Em um marco significativo, no dia 17 de abril de 2024, Pacheco recebeu da Comissão designada a minuta da proposta do novo Código Civil. Dentre as inovações propostas, destaca-se a introdução de um livro dedicado ao Direito Digital. Atualmente, o texto aguarda análise no Senado e, quando aprovado, será encaminhado à Câmara dos Deputados.
A inclusão do Direito Digital como um livro independente no âmbito do Código Civil é motivada primordialmente pela necessidade premente de uma legislação que acompanhe e regule eficazmente as dinâmicas relações e situações jurídicas emergentes no contexto digital contemporâneo. Conforme destacado pelo Presidente da Comissão de Juristas e Ministro do Superior Tribunal de Justiça (STJ), Luiz Felipe Salomão, a inclusão do direito digital é defendida com a proposição de um livro que “dialoga com todos os outros” (TV SENADO, 2024).
À luz do incessante progresso tecnológico e da crescente integração da sociedade às plataformas online, torna-se imprescindível a adaptação do arcabouço legal para enfrentar os desafios e nuances desse novo cenário jurídico. O delineamento do Direito Civil Digital não se limita à transposição de conceitos tradicionais para o meio digital, mas almeja a introdução de novas premissas e regulamentações que assegurem a integridade, a transparência e a eficiência das interações digitais.

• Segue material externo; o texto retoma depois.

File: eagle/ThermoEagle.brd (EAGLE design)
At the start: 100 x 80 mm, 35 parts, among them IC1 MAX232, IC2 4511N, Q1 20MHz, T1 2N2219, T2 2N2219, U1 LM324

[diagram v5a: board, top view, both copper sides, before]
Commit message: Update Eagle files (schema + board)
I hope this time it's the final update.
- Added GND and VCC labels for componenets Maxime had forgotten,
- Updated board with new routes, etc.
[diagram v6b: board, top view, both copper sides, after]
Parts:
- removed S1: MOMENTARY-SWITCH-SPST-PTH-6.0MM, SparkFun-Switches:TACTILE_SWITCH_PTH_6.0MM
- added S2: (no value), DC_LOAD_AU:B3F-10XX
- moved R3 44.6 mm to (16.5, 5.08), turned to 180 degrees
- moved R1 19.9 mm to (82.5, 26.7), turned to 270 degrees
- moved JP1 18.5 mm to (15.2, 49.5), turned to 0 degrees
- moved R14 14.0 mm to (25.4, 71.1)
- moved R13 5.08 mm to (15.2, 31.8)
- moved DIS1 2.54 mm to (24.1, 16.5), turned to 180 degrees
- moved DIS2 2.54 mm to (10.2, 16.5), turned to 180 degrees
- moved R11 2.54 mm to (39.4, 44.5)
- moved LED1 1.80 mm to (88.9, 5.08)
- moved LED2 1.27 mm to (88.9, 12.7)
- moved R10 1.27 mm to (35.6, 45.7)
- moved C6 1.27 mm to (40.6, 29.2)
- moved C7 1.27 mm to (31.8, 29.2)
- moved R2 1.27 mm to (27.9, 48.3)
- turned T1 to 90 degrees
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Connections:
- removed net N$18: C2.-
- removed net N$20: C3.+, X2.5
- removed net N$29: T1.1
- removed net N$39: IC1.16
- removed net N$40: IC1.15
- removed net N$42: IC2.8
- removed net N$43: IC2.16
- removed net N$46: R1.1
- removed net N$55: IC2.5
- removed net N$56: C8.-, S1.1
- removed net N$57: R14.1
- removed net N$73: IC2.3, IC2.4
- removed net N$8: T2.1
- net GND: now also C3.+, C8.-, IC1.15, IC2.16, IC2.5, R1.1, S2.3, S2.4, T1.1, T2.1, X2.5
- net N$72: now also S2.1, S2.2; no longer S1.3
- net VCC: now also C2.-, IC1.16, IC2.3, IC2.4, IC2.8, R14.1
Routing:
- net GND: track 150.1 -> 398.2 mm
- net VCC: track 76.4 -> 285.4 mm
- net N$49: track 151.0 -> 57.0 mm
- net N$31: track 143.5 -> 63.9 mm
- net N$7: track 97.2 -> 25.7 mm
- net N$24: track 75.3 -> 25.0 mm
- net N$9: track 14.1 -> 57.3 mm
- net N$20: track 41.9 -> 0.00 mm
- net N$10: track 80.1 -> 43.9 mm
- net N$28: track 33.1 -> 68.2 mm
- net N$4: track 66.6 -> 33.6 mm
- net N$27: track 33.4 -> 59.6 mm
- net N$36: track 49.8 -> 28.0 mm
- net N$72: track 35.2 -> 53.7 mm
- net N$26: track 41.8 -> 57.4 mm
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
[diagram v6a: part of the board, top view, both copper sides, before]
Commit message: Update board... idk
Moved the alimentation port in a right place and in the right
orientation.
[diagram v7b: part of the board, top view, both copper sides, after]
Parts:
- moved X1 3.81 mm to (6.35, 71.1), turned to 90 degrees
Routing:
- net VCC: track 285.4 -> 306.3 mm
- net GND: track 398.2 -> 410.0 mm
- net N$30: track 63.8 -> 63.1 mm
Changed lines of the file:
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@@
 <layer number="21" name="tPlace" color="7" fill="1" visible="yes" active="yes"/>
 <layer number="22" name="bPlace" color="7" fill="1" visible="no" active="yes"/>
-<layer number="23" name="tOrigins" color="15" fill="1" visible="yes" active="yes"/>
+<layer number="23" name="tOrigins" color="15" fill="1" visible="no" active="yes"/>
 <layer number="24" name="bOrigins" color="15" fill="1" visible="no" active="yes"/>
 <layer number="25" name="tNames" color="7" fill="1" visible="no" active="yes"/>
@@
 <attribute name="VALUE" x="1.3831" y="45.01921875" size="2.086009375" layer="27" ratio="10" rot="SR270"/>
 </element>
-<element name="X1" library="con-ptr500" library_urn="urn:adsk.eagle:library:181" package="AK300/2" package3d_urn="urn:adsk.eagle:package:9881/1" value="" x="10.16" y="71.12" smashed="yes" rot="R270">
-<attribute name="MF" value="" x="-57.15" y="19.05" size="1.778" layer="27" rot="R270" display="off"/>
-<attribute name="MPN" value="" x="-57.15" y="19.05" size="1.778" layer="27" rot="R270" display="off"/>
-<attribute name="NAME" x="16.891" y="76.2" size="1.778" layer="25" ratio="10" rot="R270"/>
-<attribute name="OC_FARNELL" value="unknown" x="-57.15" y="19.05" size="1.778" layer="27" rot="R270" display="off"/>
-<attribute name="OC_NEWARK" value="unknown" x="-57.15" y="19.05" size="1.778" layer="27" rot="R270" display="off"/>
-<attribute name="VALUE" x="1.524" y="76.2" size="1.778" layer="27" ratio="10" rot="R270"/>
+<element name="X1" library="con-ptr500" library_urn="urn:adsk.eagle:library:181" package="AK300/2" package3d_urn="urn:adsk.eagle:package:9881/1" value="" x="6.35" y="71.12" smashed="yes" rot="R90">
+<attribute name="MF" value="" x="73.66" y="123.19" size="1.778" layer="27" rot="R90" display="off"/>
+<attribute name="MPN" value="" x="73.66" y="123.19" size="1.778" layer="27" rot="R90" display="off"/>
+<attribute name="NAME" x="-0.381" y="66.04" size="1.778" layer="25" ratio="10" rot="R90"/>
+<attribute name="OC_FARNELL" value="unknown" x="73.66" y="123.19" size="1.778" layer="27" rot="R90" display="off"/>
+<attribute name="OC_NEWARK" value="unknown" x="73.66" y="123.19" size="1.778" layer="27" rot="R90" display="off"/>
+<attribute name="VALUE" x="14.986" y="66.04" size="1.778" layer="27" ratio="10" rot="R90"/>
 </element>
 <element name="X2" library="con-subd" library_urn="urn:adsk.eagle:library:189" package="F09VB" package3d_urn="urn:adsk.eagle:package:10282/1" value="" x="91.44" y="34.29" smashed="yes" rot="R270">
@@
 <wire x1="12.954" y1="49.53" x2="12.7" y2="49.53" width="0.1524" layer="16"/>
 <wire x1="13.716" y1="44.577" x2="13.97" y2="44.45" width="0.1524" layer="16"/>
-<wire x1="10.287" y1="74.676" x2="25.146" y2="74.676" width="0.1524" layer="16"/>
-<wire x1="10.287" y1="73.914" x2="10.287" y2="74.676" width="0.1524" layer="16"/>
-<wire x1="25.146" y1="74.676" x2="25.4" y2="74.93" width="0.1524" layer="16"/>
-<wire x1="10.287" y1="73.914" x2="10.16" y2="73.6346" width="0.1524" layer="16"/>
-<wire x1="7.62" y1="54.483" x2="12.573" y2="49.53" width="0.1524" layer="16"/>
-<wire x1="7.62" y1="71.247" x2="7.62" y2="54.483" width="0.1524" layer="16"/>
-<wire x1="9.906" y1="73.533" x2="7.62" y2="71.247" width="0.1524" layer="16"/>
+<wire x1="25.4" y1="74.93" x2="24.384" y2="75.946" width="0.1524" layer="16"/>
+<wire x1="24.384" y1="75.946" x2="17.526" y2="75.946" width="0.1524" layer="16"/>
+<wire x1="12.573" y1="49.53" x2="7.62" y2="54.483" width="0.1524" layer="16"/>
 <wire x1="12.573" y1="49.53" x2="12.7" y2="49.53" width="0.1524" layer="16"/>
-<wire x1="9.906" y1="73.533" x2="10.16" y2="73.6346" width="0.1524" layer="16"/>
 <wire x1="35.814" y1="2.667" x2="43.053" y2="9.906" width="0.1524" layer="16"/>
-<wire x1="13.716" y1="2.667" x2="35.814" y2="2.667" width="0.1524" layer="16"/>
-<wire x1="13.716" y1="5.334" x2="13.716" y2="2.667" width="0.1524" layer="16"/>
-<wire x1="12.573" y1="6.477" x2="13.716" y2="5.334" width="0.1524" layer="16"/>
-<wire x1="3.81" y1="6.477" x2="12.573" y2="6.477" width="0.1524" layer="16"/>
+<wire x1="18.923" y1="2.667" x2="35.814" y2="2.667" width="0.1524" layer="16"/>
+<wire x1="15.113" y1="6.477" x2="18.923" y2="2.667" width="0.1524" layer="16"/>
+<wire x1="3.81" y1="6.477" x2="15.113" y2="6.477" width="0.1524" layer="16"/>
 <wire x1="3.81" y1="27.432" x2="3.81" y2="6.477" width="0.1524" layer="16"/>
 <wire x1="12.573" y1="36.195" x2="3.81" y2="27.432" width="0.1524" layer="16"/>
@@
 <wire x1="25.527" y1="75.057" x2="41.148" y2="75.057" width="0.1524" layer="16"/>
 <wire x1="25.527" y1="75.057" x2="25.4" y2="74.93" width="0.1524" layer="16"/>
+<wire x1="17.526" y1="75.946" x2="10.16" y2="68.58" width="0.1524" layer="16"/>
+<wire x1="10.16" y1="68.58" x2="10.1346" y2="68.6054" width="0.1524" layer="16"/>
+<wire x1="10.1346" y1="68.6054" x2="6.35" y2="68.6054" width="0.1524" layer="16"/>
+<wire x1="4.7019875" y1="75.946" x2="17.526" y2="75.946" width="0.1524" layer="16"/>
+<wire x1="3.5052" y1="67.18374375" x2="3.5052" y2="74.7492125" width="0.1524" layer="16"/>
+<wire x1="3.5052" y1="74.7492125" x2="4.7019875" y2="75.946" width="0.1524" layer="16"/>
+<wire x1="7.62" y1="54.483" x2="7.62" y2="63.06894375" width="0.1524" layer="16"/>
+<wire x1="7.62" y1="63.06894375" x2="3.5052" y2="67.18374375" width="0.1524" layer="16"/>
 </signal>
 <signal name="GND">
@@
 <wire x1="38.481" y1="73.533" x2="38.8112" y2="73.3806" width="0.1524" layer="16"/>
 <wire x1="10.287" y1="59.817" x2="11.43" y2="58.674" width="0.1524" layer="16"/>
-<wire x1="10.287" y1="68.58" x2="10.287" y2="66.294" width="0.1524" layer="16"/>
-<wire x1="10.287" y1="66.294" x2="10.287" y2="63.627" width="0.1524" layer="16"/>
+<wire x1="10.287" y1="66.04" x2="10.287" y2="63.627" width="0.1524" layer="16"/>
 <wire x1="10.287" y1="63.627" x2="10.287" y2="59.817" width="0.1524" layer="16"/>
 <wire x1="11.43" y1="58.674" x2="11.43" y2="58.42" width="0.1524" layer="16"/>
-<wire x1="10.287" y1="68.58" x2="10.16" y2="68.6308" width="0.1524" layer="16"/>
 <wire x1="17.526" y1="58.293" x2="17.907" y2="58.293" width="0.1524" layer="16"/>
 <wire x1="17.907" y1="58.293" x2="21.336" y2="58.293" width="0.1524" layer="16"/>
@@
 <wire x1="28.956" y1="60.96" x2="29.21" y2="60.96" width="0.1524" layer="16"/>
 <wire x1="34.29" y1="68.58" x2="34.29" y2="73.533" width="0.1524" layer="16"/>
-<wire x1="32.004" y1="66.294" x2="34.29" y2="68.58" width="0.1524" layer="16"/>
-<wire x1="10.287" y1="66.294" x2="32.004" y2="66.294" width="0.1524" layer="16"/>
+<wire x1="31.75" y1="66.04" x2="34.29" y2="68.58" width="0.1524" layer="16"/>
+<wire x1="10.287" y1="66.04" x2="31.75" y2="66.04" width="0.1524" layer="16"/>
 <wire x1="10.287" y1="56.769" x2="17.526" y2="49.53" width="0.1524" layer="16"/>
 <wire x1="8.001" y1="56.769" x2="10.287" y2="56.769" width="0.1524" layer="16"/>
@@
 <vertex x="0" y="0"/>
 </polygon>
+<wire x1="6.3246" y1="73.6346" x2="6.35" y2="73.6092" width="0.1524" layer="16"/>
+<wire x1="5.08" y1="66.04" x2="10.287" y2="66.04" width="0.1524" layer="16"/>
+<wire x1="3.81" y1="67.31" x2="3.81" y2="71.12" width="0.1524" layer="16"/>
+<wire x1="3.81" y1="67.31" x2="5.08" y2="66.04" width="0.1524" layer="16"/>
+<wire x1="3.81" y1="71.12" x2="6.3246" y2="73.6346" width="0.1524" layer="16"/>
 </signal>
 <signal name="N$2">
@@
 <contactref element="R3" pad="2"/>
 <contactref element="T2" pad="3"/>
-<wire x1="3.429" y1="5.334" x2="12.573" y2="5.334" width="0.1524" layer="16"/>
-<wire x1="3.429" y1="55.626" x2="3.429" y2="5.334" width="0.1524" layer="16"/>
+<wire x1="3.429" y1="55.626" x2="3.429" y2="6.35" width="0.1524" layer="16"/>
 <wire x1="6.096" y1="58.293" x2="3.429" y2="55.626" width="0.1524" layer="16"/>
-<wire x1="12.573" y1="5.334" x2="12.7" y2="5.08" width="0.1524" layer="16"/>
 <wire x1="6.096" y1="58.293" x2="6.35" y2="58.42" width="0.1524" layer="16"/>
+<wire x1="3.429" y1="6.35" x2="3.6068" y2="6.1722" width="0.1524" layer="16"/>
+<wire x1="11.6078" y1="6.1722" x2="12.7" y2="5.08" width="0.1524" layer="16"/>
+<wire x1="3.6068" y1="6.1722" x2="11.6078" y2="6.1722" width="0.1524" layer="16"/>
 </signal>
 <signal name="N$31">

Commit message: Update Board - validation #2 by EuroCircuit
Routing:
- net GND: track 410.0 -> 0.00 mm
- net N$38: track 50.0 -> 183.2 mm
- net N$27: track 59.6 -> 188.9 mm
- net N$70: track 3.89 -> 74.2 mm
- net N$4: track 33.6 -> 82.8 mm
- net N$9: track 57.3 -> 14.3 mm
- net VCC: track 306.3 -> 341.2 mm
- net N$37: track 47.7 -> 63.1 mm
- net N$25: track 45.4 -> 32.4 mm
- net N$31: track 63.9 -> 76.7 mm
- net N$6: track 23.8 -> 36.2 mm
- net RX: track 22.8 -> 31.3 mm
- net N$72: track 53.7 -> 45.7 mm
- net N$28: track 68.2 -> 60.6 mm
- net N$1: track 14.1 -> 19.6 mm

Nesse sentido, a revisão legislativa visa, em tese, a incorporação no texto legal daquilo que a jurisprudência atual já tem delineado, bem como dos entendimentos doutrinários que ainda não foram expressamente positivados (AGÊNCIA SENADO, 2024). Tal empreendimento reflete a busca por uma atualização normativa que esteja alinhada com as demandas e evoluções do campo jurídico, garantindo, assim, uma maior coerência e eficácia na aplicação das normas civis.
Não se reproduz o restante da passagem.